[Task brief]
Each line of the listing below, from the very first to the one that contains "InputSignalBus : Inport", is to be retyped exactly as it stands.
Data extract below:
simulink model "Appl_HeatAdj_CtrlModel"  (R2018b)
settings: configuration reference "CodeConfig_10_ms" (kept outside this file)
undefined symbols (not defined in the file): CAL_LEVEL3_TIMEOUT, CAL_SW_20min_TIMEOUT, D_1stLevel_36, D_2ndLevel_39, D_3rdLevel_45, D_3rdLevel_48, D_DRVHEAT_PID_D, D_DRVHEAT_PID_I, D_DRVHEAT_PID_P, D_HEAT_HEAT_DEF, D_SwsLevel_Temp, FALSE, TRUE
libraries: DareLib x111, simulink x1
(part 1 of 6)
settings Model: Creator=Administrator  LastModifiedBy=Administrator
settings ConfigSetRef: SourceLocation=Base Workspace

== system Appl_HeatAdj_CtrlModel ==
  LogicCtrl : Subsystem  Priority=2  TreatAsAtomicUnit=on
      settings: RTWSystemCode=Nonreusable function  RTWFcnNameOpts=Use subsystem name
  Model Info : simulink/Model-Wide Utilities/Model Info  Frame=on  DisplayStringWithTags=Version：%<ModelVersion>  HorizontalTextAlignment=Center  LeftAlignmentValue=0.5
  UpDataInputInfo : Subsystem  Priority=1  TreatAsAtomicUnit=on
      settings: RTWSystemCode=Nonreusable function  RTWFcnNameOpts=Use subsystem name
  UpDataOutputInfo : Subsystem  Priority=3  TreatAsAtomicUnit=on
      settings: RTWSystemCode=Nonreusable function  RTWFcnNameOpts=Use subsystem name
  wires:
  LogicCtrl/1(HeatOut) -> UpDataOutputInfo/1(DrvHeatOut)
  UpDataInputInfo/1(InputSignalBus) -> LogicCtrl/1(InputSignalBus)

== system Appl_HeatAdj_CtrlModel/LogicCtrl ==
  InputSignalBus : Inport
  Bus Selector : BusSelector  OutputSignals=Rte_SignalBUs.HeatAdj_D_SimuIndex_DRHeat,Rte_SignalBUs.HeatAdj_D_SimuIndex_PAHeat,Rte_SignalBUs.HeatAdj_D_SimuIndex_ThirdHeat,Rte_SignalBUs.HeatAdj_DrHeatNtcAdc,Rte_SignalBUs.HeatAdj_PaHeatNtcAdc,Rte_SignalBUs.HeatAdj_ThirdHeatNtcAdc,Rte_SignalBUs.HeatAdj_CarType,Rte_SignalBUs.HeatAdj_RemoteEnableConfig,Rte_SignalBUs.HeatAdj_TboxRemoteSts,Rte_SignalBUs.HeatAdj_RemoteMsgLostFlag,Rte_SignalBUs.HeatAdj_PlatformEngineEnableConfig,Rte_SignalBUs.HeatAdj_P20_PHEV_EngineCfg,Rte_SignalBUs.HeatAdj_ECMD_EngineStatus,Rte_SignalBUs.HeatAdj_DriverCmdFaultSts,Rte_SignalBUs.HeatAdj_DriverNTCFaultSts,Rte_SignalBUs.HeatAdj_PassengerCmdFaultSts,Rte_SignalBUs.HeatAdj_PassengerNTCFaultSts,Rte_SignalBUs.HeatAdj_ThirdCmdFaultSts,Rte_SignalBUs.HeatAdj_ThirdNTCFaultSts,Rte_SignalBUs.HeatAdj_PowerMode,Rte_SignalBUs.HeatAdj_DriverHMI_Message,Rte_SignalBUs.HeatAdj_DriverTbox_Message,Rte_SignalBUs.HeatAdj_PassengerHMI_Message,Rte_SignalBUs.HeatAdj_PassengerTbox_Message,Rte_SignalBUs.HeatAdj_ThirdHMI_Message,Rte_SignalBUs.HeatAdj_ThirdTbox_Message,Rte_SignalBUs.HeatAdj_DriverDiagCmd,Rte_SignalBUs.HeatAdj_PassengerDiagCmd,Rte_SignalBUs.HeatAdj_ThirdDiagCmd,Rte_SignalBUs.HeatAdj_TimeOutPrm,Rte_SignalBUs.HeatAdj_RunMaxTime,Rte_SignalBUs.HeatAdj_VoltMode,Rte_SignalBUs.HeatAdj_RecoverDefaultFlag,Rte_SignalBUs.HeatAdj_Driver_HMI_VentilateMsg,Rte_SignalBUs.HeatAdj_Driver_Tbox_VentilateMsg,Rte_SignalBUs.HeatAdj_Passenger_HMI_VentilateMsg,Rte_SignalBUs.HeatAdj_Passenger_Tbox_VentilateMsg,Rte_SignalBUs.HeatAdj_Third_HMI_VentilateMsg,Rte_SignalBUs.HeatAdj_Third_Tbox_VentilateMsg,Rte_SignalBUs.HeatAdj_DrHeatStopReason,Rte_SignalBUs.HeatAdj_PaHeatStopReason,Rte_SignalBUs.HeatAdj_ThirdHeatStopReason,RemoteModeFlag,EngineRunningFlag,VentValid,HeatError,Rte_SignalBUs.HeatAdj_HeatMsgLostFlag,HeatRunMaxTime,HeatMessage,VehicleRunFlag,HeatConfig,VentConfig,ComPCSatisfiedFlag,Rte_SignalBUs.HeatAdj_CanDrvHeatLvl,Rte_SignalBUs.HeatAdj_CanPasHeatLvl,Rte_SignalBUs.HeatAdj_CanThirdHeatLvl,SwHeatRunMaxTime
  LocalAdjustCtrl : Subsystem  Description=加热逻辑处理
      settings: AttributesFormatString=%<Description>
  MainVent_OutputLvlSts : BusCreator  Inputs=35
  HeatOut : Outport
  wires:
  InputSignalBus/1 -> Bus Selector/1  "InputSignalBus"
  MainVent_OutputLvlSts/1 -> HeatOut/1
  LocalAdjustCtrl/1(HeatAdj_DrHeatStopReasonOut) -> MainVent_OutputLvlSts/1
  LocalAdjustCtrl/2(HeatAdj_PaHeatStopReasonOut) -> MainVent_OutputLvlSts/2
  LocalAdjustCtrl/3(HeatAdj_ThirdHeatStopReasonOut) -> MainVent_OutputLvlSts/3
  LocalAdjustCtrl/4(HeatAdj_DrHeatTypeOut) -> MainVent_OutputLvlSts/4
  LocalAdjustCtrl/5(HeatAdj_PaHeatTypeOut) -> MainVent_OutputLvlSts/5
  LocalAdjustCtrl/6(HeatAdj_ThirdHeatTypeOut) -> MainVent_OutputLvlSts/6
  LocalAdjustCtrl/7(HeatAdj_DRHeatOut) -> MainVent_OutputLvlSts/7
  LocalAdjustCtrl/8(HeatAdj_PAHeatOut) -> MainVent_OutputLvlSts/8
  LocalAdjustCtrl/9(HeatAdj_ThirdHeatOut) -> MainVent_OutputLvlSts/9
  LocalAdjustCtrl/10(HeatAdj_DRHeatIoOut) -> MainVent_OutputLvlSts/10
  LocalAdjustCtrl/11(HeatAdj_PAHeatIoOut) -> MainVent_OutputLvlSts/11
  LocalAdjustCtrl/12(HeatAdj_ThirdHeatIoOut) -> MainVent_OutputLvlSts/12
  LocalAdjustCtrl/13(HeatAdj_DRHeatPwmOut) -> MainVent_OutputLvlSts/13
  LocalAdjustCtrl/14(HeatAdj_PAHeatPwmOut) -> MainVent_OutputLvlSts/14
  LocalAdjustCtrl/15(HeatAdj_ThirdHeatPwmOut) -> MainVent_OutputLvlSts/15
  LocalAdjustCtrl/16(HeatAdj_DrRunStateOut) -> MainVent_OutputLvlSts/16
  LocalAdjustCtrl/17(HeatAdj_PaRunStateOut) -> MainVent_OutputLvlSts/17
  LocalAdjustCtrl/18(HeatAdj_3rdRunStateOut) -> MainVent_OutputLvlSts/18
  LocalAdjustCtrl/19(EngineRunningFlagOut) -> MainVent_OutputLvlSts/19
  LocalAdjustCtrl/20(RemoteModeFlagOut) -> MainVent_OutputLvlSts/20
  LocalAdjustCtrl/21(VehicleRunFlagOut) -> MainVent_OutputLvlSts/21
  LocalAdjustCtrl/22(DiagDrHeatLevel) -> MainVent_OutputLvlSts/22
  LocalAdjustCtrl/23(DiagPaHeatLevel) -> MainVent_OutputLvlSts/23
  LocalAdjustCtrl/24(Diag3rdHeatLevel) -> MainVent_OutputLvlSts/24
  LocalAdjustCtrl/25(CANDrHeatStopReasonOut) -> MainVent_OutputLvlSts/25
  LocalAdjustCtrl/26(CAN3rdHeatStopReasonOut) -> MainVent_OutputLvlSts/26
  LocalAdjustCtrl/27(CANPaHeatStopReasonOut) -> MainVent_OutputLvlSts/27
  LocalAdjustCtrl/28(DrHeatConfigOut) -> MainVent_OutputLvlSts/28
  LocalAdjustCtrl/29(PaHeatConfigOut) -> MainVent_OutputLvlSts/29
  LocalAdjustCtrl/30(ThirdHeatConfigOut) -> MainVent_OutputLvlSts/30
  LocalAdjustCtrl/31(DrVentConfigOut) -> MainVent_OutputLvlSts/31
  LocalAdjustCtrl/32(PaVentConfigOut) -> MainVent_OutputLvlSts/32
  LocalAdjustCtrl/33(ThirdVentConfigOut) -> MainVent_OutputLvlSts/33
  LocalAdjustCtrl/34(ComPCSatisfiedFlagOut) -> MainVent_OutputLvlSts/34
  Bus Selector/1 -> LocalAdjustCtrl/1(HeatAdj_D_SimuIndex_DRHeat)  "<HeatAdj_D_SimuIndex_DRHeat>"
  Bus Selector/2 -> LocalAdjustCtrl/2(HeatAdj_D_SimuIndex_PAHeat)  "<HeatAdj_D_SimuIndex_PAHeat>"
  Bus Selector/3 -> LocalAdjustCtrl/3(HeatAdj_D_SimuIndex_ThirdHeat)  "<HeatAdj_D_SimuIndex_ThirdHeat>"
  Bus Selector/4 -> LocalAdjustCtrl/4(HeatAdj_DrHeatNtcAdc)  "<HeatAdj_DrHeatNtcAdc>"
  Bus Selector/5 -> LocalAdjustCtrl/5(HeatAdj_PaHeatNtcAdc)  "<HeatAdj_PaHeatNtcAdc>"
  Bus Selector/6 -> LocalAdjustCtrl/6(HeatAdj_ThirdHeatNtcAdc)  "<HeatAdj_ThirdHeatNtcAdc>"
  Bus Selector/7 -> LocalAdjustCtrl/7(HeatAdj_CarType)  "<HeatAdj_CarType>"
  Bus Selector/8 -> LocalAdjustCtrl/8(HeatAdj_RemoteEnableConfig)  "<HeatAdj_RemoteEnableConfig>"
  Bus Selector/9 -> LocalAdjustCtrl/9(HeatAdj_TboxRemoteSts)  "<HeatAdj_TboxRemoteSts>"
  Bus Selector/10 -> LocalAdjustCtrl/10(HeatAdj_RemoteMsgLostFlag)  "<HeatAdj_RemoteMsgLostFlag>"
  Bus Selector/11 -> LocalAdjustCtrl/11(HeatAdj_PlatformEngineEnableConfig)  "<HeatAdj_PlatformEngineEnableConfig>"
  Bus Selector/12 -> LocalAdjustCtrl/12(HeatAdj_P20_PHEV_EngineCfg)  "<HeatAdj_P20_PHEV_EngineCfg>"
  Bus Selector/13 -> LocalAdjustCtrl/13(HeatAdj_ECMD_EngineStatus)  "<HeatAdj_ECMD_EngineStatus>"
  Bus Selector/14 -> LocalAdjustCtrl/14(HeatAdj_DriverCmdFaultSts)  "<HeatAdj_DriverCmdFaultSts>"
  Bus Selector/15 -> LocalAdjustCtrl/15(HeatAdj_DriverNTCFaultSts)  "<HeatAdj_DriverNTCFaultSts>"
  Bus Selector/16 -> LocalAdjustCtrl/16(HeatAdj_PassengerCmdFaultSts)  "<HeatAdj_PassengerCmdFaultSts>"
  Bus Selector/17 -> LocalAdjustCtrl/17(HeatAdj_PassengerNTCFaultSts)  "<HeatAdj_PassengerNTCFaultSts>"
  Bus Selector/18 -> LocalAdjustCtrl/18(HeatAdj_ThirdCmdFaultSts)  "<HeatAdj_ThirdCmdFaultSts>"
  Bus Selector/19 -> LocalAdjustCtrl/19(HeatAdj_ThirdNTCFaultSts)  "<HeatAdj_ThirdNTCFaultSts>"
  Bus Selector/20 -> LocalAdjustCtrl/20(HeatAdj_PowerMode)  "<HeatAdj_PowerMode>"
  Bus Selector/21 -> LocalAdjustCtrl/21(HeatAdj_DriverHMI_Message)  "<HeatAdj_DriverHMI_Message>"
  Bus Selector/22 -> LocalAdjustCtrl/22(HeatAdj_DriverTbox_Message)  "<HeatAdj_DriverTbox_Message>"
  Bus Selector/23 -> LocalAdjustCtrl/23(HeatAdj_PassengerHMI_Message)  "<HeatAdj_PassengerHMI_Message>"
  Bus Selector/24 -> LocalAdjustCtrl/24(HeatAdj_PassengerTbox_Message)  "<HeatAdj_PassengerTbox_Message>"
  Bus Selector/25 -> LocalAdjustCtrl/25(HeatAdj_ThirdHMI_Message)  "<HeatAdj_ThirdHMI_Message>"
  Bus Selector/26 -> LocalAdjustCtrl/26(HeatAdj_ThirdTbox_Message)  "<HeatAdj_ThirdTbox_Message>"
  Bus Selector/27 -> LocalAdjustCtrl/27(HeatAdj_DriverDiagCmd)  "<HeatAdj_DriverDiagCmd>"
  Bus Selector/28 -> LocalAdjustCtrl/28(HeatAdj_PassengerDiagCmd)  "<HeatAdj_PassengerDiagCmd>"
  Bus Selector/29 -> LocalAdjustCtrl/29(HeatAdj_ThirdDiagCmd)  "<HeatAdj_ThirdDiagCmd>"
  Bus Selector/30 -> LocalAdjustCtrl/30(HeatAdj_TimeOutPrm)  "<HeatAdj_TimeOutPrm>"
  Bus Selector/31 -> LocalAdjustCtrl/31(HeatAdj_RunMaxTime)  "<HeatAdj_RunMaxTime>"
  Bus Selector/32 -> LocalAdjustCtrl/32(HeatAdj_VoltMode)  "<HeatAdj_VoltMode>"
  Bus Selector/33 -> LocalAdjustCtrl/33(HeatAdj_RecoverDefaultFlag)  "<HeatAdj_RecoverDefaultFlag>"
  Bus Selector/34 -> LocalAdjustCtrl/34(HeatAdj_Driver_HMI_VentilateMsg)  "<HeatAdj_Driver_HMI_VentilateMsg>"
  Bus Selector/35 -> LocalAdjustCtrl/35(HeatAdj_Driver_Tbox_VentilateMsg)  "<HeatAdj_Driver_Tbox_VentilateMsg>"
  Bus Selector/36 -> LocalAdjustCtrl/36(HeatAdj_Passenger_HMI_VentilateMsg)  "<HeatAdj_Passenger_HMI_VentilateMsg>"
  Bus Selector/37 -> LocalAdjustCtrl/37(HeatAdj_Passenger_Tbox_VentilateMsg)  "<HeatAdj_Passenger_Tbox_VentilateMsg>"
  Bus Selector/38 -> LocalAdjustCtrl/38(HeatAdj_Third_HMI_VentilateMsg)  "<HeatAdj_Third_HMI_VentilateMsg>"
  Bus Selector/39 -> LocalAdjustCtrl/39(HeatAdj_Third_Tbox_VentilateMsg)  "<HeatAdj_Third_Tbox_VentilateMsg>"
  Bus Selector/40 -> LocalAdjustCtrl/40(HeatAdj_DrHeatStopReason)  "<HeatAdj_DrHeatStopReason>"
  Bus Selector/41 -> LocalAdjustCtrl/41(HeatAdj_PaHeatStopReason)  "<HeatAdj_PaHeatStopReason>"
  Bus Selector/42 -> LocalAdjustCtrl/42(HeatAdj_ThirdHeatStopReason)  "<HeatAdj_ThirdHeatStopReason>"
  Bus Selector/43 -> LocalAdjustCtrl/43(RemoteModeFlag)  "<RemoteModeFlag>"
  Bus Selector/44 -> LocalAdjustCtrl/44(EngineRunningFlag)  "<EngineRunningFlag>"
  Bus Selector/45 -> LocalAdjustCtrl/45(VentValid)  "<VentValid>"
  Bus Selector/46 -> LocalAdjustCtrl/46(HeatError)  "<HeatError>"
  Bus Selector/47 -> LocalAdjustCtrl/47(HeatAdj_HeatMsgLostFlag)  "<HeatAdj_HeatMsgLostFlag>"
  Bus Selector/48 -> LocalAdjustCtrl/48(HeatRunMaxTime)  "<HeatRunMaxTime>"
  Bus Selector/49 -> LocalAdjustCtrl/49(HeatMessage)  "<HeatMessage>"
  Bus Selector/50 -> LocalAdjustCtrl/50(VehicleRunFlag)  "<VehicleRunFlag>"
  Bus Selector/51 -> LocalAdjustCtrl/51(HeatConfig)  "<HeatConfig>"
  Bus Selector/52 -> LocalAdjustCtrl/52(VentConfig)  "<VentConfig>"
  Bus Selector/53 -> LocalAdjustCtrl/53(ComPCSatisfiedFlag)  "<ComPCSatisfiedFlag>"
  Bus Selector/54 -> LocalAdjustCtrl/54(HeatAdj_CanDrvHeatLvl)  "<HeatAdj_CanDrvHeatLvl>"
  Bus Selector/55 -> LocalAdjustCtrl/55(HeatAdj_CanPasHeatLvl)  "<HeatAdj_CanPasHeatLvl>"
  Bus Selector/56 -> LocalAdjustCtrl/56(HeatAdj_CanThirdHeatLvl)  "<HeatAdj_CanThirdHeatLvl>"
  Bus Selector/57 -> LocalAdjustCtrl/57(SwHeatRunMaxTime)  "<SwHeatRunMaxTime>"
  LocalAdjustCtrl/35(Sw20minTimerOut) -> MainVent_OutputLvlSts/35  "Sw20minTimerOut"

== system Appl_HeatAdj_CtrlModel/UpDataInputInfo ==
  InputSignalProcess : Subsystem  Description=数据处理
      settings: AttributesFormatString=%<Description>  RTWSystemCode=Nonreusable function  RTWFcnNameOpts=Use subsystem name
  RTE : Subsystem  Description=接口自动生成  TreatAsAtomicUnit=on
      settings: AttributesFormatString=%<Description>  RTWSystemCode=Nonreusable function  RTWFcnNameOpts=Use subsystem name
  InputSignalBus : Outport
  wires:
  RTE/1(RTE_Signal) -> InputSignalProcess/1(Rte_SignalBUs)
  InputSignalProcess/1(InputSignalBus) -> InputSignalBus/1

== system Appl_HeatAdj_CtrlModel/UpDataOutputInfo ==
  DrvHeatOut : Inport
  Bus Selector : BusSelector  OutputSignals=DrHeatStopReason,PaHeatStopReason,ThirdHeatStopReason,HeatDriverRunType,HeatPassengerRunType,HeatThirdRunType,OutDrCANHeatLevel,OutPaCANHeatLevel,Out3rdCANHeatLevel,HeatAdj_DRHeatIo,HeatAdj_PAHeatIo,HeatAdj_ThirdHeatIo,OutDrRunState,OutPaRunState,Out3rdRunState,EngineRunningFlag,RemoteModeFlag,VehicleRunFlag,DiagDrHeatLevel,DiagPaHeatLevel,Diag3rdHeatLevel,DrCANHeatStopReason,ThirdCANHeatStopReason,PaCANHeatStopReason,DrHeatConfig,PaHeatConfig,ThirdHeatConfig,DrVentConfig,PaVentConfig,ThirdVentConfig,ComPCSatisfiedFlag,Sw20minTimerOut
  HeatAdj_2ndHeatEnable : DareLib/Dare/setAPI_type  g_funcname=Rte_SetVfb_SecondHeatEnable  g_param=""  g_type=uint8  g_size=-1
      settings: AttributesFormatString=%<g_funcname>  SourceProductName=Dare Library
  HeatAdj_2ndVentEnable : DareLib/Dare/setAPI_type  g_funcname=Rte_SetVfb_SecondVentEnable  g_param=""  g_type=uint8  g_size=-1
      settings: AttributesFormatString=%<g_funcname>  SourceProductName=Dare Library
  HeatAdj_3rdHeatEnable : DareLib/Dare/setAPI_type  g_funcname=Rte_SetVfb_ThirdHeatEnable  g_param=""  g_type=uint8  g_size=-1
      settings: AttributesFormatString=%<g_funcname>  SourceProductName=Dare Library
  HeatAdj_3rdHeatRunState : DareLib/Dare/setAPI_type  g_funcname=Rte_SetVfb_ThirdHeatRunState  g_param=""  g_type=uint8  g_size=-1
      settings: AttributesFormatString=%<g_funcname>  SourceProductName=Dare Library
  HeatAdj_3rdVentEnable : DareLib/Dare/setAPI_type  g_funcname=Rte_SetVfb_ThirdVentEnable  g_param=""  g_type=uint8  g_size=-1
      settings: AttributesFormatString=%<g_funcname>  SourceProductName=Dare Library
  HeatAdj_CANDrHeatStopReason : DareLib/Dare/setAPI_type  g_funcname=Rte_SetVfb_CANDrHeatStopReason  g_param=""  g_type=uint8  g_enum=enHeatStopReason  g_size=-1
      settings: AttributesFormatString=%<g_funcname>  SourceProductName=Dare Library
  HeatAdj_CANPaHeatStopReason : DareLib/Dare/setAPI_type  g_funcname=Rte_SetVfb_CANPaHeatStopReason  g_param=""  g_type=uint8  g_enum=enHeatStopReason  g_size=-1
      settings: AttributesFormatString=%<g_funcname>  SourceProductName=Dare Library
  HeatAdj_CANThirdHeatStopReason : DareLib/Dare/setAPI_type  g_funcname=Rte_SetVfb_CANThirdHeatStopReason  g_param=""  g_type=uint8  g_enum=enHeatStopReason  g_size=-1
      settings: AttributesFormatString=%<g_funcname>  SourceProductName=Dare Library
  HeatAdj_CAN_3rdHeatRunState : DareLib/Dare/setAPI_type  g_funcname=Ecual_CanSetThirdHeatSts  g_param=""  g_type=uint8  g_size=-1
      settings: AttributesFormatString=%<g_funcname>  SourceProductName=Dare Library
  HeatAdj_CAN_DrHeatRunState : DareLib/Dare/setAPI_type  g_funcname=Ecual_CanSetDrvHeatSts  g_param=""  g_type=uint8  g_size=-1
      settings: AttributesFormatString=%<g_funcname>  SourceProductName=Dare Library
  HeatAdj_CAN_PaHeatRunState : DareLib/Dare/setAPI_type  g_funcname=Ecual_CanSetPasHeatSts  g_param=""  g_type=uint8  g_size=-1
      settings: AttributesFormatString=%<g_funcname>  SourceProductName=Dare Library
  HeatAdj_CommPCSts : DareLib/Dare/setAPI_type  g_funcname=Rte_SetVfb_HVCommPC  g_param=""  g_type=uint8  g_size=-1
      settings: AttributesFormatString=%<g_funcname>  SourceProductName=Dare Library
End of Data extract.
[Result below]
simulink model "Appl_HeatAdj_CtrlModel"  (R2018b)
settings: configuration reference "CodeConfig_10_ms" (kept outside this file)
undefined symbols (not defined in the file): CAL_LEVEL3_TIMEOUT, CAL_SW_20min_TIMEOUT, D_1stLevel_36, D_2ndLevel_39, D_3rdLevel_45, D_3rdLevel_48, D_DRVHEAT_PID_D, D_DRVHEAT_PID_I, D_DRVHEAT_PID_P, D_HEAT_HEAT_DEF, D_SwsLevel_Temp, FALSE, TRUE
libraries: DareLib x111, simulink x1
(part 1 of 6)
settings Model: Creator=Administrator  LastModifiedBy=Administrator
settings ConfigSetRef: SourceLocation=Base Workspace

== system Appl_HeatAdj_CtrlModel ==
  LogicCtrl : Subsystem  Priority=2  TreatAsAtomicUnit=on
      settings: RTWSystemCode=Nonreusable function  RTWFcnNameOpts=Use subsystem name
  Model Info : simulink/Model-Wide Utilities/Model Info  Frame=on  DisplayStringWithTags=Version：%<ModelVersion>  HorizontalTextAlignment=Center  LeftAlignmentValue=0.5
  UpDataInputInfo : Subsystem  Priority=1  TreatAsAtomicUnit=on
      settings: RTWSystemCode=Nonreusable function  RTWFcnNameOpts=Use subsystem name
  UpDataOutputInfo : Subsystem  Priority=3  TreatAsAtomicUnit=on
      settings: RTWSystemCode=Nonreusable function  RTWFcnNameOpts=Use subsystem name
  wires:
  LogicCtrl/1(HeatOut) -> UpDataOutputInfo/1(DrvHeatOut)
  UpDataInputInfo/1(InputSignalBus) -> LogicCtrl/1(InputSignalBus)

== system Appl_HeatAdj_CtrlModel/LogicCtrl ==
  InputSignalBus : Inport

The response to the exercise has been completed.